■ **WORK ORDER**
From the line below that contains "line L2 (-63.5, -63.5) -> (63.5, -63.5)" to the line that contains "constraints: 8 end", repeat every line exactly, both ends included, and nothing else.

■ **STUDY MATERIAL**
-----
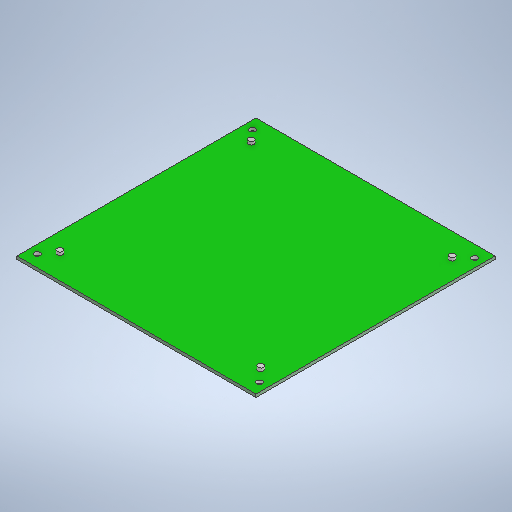
# Autodesk Inventor part: PCB
Saved by Autodesk Inventor 2025.2 (Build 292293000, 293)
## iProperties
Created: 2025-04-18
Part Number: PCB
Material: Generic
Document SubType Name: Modeling
Designer: 3lin2
Density: 1 g/cm^3
Appearance: Default
Author: 3lin2
Autodesk Inventor part; units mm, degrees
ref_plane "YZ Plane" through (0, 0, 0) normal (1, 0, 0) x (0, 1, 0)
ref_plane "XZ Plane" through (0, 0, 0) normal (0, 1, 0) x (-1, 0, 0)
ref_plane "XY Plane" through (0, 0, 0) normal (0, 0, 1) x (1, 0, 0)
sketch "Sketch1" plane through (0, 0, 0) normal (0, 1, 0) x (-1, 0, 0)
  line L0 (63.5, 63.5) -> (-63.5, 63.5)
  line L1 (-63.5, 63.5) -> (-63.5, -63.5)
  line L2 (-63.5, -63.5) -> (63.5, -63.5)
  line L3 (63.5, -63.5) -> (63.5, 63.5)
  point P0 (0, 0)
  dimension "d0" = 127
  dimension "d1" = 127
  dimension "d2" = 63.5
  dimension "d3" = 63.5
  constraints: 8 end point, 2 parallel, 1 horizontal, 1 perpendicular
  measures "d0" distance of L2.end L1.end
  measures "d1" distance of L1.end L0.end
  measures "d2" distance from line of L0 point (0, 0)
  measures "d3" distance from line of L3 point (0, 0)
extrude "Extrusion1" add sketch "Sketch1" along normal blind 1.5875
sketch "Sketch2" plane through (0, 1.5875, 0) normal (0, 1, 0) x (1, 0, 0)
  circle A0 centre (-59.055, 57.15) radius 1.524
  circle A1 centre (59.055, 57.15) radius 1.524
  circle A2 centre (59.055, -57.15) radius 1.524
  circle A3 centre (-59.055, -57.15) radius 1.524
  line L0 (63.5, 63.5) -> (-63.5, 63.5) projected
  line L1 (-63.5, 63.5) -> (-63.5, -63.5) projected
  point P0 (0, 0)
  dimension "d6" = 3.048
  dimension "d7" = 3.048
  dimension "d8" = 3.048
  dimension "d9" = 3.048
  dimension "d10" = 114.3
  dimension "d11" = 114.3
  dimension "d12" = 0
  dimension "d13" = 0
  dimension "d14" = 0
  dimension "d15" = 118.11
  dimension "d16" = 6.35
  dimension "d17" = 4.445
  constraints: 4 centre point
  measures "d6" diameter of A0
  measures "d7" diameter of A1
  measures "d8" diameter of A2
  measures "d9" diameter of A3
  measures "d10" distance of A3.centre A0.centre
  measures "d11" distance of A2.centre A1.centre
  measures "d12" horizontal distance of A2.centre A1.centre
  measures "d13" horizontal distance of A3.centre A0.centre
  measures "d14" vertical distance of A2.centre A3.centre
  measures "d15" distance of A1.centre A0.centre
  measures "d16" distance from line of A0.centre L0
  measures "d17" distance from line of L1 A3.centre
extrude "Extrusion2" cut sketch "Sketch2" against normal blind 1.5875
sketch "Sketch3" plane through (0, 1.5875, 0) normal (0, 1, 0) x (1, 0, 0)
  circle A0 centre (-53.34, 50.8) radius 1.524
  circle A1 centre (53.34, 50.8) radius 1.524
  circle A2 centre (53.34, -50.8) radius 1.524
  circle A3 centre (-53.34, -50.8) radius 1.524
  line L0 (63.5, 63.5) -> (-63.5, 63.5) projected
  line L1 (63.5, -63.5) -> (63.5, 63.5) projected
  point P0 (0, 0)
  dimension "d20" = 3.048
  dimension "d21" = 3.048
  dimension "d22" = 3.048
  dimension "d23" = 3.048
  dimension "d24" = 106.68
  dimension "d25" = 106.68
  dimension "d26" = 0
  dimension "d27" = 101.6
  dimension "d28" = 101.6
  dimension "d29" = 0
  dimension "d30" = 12.7
  dimension "d31" = 10.16
  constraints: 4 centre point
  measures "d20" diameter of A0
  measures "d21" diameter of A1
  measures "d22" diameter of A2
  measures "d23" diameter of A3
  measures "d24" distance of A1.centre A0.centre
  measures "d25" distance of A2.centre A3.centre
  measures "d26" vertical distance of A3.centre A2.centre
  measures "d27" distance of A3.centre A0.centre
  measures "d28" distance of A2.centre A1.centre
  measures "d29" horizontal distance of A3.centre A0.centre
  measures "d30" distance from line of L0 A0.centre
  measures "d31" distance from line of L1 A1.centre
extrude "Extrusion3" add sketch "Sketch3" along normal blind 1.5875
body "Solid1"
-----
■ **TASK SOLUTION**
  line L2 (-63.5, -63.5) -> (63.5, -63.5)
  line L3 (63.5, -63.5) -> (63.5, 63.5)
  point P0 (0, 0)
  dimension "d0" = 127
  dimension "d1" = 127
  dimension "d2" = 63.5
  dimension "d3" = 63.5
  constraints: 8 end point, 2 parallel, 1 horizontal, 1 perpendicular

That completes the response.